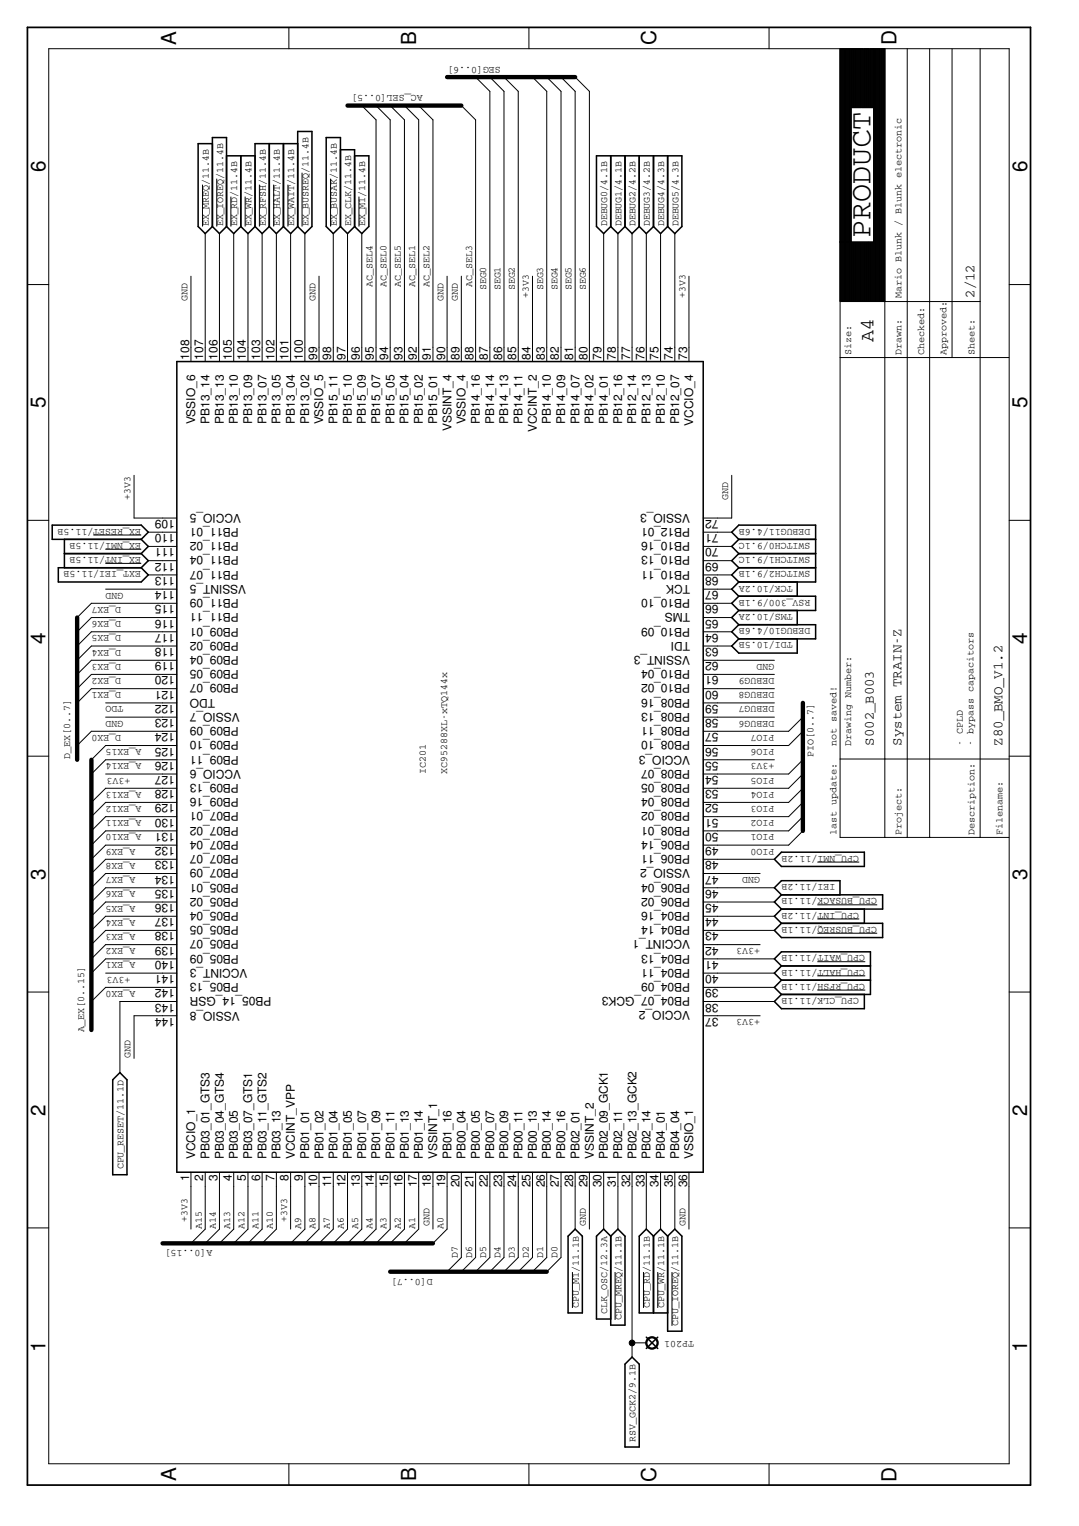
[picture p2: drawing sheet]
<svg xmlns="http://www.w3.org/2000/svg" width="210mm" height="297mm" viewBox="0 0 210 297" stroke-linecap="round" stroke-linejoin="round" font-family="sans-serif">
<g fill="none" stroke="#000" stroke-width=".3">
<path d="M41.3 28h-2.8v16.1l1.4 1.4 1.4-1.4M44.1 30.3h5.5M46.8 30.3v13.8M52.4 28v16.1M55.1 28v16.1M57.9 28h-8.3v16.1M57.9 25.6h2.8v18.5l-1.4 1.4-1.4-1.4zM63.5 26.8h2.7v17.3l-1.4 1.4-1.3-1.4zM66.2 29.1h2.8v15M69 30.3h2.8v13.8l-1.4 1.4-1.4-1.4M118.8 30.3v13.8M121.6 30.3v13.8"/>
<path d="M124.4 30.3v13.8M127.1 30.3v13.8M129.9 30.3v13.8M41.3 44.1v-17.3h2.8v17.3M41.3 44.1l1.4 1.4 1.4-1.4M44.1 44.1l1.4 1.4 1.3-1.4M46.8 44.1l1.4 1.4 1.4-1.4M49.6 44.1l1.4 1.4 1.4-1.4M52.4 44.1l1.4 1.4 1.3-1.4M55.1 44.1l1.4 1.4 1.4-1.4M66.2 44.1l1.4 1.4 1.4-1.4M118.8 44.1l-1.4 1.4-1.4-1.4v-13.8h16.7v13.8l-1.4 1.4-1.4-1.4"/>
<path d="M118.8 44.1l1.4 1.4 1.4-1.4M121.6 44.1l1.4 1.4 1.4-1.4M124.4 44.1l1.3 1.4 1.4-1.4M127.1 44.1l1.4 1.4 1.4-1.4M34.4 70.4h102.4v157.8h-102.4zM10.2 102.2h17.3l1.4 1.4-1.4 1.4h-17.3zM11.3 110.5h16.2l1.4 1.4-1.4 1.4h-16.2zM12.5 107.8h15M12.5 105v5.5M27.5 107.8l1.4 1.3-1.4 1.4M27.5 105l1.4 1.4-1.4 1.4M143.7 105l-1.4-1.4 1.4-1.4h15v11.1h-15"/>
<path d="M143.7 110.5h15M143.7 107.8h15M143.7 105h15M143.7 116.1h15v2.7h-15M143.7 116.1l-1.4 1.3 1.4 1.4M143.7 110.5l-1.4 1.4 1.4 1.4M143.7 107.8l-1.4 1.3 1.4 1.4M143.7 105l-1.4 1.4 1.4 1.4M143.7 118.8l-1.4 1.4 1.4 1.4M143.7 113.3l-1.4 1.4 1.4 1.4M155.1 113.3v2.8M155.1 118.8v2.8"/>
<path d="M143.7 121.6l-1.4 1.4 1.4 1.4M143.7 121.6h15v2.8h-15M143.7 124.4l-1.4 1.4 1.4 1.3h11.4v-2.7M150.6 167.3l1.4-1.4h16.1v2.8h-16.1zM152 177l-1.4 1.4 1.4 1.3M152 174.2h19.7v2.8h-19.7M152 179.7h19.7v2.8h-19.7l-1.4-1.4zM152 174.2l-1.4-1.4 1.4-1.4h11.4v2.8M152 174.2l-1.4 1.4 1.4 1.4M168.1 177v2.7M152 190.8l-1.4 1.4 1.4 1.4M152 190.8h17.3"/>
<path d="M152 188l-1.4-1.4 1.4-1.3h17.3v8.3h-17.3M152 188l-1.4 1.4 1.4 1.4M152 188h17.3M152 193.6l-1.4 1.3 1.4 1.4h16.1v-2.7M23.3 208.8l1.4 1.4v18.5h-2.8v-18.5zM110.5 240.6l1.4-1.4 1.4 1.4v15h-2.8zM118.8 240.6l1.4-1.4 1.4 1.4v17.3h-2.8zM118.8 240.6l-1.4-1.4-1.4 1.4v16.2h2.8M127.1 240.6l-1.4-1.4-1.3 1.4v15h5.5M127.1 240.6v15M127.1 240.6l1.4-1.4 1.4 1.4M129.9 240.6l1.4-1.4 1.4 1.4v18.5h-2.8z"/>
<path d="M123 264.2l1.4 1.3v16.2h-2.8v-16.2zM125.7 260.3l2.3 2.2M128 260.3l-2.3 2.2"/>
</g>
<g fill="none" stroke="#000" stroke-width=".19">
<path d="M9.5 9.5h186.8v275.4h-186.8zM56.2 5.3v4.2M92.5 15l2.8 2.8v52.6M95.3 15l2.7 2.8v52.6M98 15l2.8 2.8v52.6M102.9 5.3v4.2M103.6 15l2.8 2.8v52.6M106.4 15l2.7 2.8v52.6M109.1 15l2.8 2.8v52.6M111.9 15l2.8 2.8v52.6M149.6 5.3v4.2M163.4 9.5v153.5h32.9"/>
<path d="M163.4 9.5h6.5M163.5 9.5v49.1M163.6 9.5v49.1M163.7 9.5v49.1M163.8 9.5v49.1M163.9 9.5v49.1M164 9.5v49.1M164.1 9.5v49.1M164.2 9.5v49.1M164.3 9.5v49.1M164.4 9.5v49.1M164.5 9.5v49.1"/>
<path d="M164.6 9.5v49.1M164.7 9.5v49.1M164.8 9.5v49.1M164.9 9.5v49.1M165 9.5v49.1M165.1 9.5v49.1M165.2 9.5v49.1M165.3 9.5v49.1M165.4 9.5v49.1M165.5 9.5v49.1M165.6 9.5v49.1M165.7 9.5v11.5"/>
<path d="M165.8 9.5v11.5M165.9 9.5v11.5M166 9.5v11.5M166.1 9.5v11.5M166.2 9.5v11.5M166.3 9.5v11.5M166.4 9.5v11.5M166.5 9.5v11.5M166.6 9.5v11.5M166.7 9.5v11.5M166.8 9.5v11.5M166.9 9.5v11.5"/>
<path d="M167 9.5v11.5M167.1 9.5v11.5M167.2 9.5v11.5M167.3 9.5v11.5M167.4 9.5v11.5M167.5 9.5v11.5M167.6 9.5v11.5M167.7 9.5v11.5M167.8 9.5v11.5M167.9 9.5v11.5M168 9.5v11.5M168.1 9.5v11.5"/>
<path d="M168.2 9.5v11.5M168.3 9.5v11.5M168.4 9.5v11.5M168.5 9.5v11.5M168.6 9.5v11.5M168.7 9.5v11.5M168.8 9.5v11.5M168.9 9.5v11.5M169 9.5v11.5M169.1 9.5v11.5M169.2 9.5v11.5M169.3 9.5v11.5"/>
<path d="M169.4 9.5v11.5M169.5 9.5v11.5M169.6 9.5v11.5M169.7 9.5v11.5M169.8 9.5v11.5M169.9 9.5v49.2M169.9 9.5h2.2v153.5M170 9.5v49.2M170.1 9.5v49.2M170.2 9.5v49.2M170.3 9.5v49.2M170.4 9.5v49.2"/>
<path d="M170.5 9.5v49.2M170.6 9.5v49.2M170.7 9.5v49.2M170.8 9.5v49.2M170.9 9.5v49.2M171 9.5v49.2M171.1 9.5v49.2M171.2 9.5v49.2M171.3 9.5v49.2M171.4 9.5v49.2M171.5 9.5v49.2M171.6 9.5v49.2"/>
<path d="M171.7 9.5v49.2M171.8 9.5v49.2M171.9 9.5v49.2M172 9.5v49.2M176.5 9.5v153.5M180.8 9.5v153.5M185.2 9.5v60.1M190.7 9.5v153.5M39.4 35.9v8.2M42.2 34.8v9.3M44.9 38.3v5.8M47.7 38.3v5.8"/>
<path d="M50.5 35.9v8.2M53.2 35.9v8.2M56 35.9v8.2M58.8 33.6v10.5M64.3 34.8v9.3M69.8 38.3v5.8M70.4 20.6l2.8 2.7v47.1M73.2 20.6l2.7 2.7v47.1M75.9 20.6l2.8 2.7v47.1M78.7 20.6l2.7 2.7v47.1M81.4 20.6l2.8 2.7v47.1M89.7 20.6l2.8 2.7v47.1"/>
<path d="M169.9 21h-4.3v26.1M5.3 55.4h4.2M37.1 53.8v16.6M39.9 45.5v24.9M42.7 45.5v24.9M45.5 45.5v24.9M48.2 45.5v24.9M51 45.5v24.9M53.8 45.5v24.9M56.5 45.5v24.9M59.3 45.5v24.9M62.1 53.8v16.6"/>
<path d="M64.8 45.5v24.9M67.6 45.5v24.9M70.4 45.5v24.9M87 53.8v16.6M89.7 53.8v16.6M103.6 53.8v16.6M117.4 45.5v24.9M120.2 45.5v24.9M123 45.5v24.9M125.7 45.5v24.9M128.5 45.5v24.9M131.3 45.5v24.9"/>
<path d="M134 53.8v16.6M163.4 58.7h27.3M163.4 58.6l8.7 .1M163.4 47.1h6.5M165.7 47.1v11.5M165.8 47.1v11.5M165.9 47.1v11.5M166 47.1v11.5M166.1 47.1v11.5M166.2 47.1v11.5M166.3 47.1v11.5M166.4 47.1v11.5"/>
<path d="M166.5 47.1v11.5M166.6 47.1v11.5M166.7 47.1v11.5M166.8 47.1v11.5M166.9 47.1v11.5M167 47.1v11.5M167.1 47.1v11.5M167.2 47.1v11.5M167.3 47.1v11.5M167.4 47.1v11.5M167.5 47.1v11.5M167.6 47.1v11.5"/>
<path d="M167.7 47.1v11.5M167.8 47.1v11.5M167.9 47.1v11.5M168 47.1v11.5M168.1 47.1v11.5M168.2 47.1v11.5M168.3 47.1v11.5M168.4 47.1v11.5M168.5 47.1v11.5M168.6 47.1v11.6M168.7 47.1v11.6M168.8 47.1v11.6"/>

- - - - -

WHAT TO DO
Up to and including the line that contains "30.3v13.8M127.1 30.3v13.8M129.9 30.3v13.8M41.3", print the records above exactly from their first line, without any pictures.

ANSWER TO THIS EXERCISE
[picture p2: drawing sheet]
<svg xmlns="http://www.w3.org/2000/svg" width="210mm" height="297mm" viewBox="0 0 210 297" stroke-linecap="round" stroke-linejoin="round" font-family="sans-serif">
<g fill="none" stroke="#000" stroke-width=".3">
<path d="M41.3 28h-2.8v16.1l1.4 1.4 1.4-1.4M44.1 30.3h5.5M46.8 30.3v13.8M52.4 28v16.1M55.1 28v16.1M57.9 28h-8.3v16.1M57.9 25.6h2.8v18.5l-1.4 1.4-1.4-1.4zM63.5 26.8h2.7v17.3l-1.4 1.4-1.3-1.4zM66.2 29.1h2.8v15M69 30.3h2.8v13.8l-1.4 1.4-1.4-1.4M118.8 30.3v13.8M121.6 30.3v13.8"/>
<path d="M124.4 30.3v13.8M127.1 30.3v13.8M129.9 30.3v13.8M41.3 44.1v-17.3h2.8v17.3M41.3 44.1l1.4 1.4 1.4-1.4M44.1 44.1l1.4 1.4 1.3-1.4M46.8 44.1l1.4 1.4 1.4-1.4M49.6 44.1l1.4 1.4 1.4-1.4M52.4 44.1l1.4 1.4 1.3-1.4M55.1 44.1l1.4 1.4 1.4-1.4M66.2 44.1l1.4 1.4 1.4-1.4M118.8 44.1l-1.4 1.4-1.4-1.4v-13.8h16.7v13.8l-1.4 1.4-1.4-1.4"/>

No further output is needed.